Return, word for word, only the lines of the data below that lie between the line with "line L1 (277.8439, 400.0189, 80)" and the line with "line L0 (97.8439, 405.0189, -15)", those two lines included.

==== Record excerpts ====

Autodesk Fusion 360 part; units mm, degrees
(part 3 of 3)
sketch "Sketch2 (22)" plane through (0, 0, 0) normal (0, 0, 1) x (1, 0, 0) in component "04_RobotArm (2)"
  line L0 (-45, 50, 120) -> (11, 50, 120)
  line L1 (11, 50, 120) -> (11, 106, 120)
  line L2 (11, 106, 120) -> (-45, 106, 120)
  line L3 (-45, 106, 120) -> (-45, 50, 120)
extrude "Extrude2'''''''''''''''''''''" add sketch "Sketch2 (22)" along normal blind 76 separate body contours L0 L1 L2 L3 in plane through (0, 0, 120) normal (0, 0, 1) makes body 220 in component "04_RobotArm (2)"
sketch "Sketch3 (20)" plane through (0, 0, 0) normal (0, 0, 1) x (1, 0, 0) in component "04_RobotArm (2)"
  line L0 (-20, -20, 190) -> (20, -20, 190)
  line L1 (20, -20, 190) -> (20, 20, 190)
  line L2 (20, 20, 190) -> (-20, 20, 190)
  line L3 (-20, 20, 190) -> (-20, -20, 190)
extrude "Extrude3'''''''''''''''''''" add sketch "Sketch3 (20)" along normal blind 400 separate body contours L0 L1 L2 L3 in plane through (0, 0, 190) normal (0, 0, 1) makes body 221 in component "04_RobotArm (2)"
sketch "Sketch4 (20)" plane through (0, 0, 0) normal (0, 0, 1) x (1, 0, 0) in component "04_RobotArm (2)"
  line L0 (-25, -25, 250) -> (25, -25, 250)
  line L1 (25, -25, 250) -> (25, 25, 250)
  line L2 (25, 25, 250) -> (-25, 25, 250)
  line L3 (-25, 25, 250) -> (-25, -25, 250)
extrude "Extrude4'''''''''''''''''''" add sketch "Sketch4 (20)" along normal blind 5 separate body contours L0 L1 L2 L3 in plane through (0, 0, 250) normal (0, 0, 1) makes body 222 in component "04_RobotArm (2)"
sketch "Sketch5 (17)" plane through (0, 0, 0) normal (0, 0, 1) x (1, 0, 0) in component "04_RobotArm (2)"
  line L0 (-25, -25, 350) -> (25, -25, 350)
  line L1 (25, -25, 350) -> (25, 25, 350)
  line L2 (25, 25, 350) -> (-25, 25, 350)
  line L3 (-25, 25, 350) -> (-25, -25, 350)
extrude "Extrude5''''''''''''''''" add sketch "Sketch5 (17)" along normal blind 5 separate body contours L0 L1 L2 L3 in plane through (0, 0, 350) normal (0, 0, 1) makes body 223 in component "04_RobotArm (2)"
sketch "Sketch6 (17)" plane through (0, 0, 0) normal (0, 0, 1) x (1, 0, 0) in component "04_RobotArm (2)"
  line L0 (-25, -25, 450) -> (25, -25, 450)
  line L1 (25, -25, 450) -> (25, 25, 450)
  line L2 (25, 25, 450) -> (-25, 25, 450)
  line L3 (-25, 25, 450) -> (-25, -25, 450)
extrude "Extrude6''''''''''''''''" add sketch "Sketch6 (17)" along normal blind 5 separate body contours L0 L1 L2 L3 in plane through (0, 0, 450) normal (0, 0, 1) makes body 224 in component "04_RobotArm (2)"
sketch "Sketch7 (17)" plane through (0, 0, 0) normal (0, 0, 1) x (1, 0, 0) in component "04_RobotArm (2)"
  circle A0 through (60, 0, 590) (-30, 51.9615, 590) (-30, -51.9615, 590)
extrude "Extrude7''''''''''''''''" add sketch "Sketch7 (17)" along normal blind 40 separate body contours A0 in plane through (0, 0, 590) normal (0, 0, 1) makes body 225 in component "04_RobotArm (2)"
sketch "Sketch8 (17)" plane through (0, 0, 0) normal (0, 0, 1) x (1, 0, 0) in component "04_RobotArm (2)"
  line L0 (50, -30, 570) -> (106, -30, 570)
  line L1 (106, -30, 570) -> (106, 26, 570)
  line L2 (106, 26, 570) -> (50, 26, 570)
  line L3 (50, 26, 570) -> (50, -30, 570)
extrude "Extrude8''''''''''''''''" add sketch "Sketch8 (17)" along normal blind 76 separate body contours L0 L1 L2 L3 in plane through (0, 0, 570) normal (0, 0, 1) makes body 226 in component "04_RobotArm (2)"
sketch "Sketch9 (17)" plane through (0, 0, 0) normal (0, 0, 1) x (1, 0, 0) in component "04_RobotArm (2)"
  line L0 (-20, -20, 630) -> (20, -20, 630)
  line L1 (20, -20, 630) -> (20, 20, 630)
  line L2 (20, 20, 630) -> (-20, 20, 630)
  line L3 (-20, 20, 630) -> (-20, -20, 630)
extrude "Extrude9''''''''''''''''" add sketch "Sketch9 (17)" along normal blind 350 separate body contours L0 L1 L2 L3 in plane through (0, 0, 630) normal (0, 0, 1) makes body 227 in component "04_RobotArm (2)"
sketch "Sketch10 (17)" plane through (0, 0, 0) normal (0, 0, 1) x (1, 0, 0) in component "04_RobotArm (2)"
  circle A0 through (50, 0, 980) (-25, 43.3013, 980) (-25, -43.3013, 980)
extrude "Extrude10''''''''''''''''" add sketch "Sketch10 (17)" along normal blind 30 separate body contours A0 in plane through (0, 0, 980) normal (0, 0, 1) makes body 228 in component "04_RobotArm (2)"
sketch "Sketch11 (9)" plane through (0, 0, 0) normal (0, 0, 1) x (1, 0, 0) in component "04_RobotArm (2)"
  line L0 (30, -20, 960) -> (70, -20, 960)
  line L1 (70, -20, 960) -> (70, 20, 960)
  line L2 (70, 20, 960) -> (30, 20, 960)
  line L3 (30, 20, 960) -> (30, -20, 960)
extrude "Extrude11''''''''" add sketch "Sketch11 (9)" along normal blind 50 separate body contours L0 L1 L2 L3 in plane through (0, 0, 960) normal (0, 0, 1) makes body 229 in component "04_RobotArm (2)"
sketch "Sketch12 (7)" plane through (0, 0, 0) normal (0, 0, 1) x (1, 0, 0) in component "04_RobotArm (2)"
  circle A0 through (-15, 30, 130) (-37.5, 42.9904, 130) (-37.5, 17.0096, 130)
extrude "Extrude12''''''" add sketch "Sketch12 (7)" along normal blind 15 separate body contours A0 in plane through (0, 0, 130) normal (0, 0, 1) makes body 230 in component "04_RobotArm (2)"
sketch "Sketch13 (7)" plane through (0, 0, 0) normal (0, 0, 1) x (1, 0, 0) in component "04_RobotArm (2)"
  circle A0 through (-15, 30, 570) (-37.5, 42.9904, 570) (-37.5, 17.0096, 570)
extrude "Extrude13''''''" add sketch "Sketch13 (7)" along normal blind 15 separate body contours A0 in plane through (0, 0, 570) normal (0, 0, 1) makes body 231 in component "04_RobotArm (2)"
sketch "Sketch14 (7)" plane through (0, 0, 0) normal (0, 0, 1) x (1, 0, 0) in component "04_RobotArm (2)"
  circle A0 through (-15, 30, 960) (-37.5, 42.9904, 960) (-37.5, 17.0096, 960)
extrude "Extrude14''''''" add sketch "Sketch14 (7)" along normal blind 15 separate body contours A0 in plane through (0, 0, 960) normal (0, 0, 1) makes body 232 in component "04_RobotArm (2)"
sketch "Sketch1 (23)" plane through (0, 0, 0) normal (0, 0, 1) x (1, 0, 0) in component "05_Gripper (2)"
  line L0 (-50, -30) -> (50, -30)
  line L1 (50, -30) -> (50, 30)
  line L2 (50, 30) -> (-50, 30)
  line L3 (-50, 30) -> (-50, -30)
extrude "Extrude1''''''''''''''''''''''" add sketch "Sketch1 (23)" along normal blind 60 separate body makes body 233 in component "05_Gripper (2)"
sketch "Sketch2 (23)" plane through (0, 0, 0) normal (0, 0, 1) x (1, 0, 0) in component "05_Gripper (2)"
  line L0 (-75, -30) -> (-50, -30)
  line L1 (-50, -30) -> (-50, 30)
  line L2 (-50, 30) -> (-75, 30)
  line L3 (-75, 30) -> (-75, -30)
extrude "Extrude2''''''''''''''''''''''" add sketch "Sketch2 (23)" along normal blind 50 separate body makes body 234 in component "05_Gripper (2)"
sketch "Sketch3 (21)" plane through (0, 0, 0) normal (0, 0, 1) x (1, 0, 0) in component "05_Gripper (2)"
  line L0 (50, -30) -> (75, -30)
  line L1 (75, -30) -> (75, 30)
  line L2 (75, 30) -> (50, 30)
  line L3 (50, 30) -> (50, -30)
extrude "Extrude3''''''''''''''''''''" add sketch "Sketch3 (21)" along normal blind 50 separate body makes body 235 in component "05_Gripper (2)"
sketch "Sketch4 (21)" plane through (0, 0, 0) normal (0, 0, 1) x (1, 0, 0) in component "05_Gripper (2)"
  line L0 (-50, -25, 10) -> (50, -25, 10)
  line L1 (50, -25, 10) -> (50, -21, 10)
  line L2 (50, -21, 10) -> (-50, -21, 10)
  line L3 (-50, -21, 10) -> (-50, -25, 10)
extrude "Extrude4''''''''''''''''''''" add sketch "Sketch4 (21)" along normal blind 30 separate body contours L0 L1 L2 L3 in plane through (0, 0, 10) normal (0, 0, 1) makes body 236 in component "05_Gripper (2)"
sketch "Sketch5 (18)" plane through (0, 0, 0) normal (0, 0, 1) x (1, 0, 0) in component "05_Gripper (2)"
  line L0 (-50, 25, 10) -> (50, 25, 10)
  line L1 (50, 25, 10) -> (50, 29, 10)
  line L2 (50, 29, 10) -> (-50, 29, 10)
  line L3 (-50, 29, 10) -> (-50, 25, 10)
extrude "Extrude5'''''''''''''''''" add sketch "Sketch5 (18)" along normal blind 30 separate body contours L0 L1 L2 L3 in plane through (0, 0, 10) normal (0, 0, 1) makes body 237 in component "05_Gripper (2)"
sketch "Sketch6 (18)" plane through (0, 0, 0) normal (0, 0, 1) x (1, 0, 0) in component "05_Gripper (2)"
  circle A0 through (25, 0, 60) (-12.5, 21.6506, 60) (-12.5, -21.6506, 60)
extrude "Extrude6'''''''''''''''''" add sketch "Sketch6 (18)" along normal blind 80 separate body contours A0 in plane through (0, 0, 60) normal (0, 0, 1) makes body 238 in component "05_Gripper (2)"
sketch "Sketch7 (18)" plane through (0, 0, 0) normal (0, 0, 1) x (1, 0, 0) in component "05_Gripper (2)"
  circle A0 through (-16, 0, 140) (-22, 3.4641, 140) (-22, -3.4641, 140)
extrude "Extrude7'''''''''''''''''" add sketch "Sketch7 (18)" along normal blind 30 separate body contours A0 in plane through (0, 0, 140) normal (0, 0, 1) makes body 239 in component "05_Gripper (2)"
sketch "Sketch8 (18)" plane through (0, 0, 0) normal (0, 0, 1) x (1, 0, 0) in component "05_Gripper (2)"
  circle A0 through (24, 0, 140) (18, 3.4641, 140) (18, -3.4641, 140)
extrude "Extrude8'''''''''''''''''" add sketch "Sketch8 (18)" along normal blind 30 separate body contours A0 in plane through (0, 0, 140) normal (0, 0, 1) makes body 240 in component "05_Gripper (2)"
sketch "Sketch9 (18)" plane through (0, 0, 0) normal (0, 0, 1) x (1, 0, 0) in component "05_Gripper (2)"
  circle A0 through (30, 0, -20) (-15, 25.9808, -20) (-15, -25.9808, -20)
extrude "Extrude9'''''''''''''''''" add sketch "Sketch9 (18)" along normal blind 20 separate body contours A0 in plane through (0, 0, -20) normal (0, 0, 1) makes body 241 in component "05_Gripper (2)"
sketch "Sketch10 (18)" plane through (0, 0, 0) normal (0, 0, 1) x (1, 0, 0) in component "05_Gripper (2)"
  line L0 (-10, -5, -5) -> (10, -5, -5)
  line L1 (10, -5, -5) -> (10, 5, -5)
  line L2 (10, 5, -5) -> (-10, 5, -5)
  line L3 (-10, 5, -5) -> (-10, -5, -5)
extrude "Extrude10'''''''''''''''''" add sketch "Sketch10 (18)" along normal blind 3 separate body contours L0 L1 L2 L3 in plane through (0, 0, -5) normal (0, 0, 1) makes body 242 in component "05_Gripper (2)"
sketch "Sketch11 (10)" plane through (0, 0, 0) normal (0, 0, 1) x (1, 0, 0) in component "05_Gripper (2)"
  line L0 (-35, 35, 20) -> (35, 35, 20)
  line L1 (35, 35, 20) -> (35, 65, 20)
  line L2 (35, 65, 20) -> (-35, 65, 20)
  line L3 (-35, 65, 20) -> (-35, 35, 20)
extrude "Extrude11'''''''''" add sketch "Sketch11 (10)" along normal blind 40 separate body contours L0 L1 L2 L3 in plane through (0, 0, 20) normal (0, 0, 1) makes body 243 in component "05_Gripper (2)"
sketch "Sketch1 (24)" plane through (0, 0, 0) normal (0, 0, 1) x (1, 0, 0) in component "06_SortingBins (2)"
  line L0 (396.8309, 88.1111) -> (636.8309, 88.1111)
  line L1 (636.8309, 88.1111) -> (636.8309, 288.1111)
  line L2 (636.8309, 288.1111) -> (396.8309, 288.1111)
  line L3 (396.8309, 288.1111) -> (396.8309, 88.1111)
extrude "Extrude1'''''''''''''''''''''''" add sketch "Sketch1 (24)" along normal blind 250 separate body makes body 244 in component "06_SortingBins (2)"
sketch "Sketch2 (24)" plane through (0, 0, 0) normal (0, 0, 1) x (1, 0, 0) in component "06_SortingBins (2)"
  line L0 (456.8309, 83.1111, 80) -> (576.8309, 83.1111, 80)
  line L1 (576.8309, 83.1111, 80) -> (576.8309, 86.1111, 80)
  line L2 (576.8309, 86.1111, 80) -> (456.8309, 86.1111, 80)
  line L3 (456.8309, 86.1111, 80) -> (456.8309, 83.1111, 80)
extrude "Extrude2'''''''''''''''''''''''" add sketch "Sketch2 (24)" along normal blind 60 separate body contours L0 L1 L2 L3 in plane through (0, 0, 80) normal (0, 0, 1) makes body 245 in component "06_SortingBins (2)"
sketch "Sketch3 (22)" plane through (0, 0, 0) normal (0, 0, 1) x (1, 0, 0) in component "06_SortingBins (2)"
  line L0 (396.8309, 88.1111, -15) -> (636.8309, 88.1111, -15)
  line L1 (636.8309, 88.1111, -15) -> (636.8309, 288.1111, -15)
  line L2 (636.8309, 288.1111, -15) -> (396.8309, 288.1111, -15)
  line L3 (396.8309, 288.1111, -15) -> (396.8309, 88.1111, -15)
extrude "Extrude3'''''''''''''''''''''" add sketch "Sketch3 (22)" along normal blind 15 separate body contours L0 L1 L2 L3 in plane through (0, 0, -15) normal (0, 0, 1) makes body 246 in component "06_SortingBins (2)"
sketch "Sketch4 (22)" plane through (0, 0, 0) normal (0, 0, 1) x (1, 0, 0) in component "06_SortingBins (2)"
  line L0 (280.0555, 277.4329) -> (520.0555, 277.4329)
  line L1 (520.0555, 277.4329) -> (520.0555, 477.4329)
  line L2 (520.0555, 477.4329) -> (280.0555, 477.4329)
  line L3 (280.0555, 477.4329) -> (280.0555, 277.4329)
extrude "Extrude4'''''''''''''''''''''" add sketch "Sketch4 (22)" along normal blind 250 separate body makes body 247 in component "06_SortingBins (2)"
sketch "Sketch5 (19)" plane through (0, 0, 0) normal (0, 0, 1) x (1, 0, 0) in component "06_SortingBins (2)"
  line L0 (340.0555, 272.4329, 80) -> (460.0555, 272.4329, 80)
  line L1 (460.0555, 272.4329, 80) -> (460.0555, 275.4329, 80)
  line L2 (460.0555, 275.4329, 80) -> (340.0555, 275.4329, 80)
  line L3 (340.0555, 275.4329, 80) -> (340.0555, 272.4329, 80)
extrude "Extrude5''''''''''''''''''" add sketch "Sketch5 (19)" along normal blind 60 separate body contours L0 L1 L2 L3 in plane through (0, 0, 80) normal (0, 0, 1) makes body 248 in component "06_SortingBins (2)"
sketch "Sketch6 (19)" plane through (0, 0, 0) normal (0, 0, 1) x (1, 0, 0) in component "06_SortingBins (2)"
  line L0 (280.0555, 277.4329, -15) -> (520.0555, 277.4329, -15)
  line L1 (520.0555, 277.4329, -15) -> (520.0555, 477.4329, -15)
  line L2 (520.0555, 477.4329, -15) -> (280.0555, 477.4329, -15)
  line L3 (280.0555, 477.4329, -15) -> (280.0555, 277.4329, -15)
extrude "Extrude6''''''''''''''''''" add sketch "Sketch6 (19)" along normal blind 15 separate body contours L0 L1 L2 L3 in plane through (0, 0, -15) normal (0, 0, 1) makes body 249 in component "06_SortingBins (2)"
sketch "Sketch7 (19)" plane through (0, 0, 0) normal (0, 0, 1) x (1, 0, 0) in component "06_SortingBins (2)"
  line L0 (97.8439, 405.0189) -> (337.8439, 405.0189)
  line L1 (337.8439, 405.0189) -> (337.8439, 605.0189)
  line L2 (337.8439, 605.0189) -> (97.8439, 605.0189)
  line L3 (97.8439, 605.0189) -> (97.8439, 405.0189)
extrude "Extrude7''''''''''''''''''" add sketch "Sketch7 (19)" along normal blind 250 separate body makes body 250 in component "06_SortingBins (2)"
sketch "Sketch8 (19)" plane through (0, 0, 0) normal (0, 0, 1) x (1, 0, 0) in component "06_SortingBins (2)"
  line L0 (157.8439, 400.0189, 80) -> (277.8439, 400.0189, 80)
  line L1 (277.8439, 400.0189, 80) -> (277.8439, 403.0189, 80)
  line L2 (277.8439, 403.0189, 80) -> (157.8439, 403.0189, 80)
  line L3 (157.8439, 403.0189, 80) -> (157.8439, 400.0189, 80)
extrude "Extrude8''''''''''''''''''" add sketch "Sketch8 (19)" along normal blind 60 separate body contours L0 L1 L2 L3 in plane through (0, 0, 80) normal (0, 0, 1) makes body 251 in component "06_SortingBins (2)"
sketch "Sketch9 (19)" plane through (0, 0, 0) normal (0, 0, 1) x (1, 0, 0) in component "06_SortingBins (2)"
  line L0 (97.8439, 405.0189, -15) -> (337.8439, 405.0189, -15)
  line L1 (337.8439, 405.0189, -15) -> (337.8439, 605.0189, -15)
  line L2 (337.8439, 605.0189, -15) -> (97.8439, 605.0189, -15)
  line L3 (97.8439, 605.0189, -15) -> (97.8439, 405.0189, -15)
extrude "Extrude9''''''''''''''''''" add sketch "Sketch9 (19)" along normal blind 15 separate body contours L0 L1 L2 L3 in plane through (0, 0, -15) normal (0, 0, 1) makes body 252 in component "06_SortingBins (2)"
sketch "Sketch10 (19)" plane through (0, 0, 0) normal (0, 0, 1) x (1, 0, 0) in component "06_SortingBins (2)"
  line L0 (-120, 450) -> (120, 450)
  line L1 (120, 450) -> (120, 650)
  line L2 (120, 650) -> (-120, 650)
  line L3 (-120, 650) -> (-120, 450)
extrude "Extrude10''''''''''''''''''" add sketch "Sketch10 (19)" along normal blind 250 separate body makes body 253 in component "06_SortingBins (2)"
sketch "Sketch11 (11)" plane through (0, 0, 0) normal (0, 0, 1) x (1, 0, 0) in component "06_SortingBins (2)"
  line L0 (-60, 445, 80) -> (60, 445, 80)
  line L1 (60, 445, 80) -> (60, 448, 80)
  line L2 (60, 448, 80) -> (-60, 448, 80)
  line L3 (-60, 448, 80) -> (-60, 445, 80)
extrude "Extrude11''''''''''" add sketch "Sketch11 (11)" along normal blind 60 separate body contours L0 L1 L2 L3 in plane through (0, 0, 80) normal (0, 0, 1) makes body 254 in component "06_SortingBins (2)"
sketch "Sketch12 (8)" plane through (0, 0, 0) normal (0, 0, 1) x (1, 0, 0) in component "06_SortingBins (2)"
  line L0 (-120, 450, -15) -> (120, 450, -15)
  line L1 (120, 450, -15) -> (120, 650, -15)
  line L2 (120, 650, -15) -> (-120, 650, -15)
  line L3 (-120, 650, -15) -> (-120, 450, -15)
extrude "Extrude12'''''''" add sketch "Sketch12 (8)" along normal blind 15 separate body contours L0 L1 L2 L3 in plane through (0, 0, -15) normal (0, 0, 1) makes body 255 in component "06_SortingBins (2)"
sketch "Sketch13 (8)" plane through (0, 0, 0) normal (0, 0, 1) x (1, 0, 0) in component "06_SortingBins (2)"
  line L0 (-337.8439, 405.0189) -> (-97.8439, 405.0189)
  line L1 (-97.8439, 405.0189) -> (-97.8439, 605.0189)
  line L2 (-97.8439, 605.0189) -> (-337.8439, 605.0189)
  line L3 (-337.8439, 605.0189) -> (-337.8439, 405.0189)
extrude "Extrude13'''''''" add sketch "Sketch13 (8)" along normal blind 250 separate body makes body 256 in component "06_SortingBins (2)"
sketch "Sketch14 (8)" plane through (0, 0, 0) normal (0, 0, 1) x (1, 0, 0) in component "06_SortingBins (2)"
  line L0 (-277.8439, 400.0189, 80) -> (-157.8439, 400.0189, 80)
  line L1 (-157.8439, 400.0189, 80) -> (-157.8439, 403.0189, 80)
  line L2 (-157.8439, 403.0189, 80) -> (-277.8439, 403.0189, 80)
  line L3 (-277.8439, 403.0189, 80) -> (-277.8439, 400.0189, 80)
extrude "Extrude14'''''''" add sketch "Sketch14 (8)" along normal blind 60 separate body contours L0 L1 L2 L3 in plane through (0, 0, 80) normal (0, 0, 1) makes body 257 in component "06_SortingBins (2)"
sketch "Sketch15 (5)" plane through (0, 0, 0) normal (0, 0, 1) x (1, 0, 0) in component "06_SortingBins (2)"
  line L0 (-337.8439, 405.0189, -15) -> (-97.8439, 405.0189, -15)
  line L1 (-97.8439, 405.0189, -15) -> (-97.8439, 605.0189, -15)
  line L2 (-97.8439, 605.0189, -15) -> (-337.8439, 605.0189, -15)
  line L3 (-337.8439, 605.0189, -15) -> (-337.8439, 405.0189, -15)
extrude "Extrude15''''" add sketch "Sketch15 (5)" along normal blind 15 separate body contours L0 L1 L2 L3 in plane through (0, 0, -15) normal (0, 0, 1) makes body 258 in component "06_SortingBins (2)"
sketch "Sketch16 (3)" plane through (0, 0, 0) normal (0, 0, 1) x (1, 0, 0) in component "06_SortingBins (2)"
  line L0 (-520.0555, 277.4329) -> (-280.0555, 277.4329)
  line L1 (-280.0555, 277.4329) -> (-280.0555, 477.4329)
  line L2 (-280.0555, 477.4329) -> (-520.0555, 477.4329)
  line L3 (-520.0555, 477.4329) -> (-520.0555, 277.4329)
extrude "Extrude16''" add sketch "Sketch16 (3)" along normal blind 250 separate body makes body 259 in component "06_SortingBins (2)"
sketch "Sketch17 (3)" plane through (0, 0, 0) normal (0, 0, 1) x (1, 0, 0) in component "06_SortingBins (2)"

====

### Your solution:
  line L1 (277.8439, 400.0189, 80) -> (277.8439, 403.0189, 80)
  line L2 (277.8439, 403.0189, 80) -> (157.8439, 403.0189, 80)
  line L3 (157.8439, 403.0189, 80) -> (157.8439, 400.0189, 80)
extrude "Extrude8''''''''''''''''''" add sketch "Sketch8 (19)" along normal blind 60 separate body contours L0 L1 L2 L3 in plane through (0, 0, 80) normal (0, 0, 1) makes body 251 in component "06_SortingBins (2)"
sketch "Sketch9 (19)" plane through (0, 0, 0) normal (0, 0, 1) x (1, 0, 0) in component "06_SortingBins (2)"
  line L0 (97.8439, 405.0189, -15) -> (337.8439, 405.0189, -15)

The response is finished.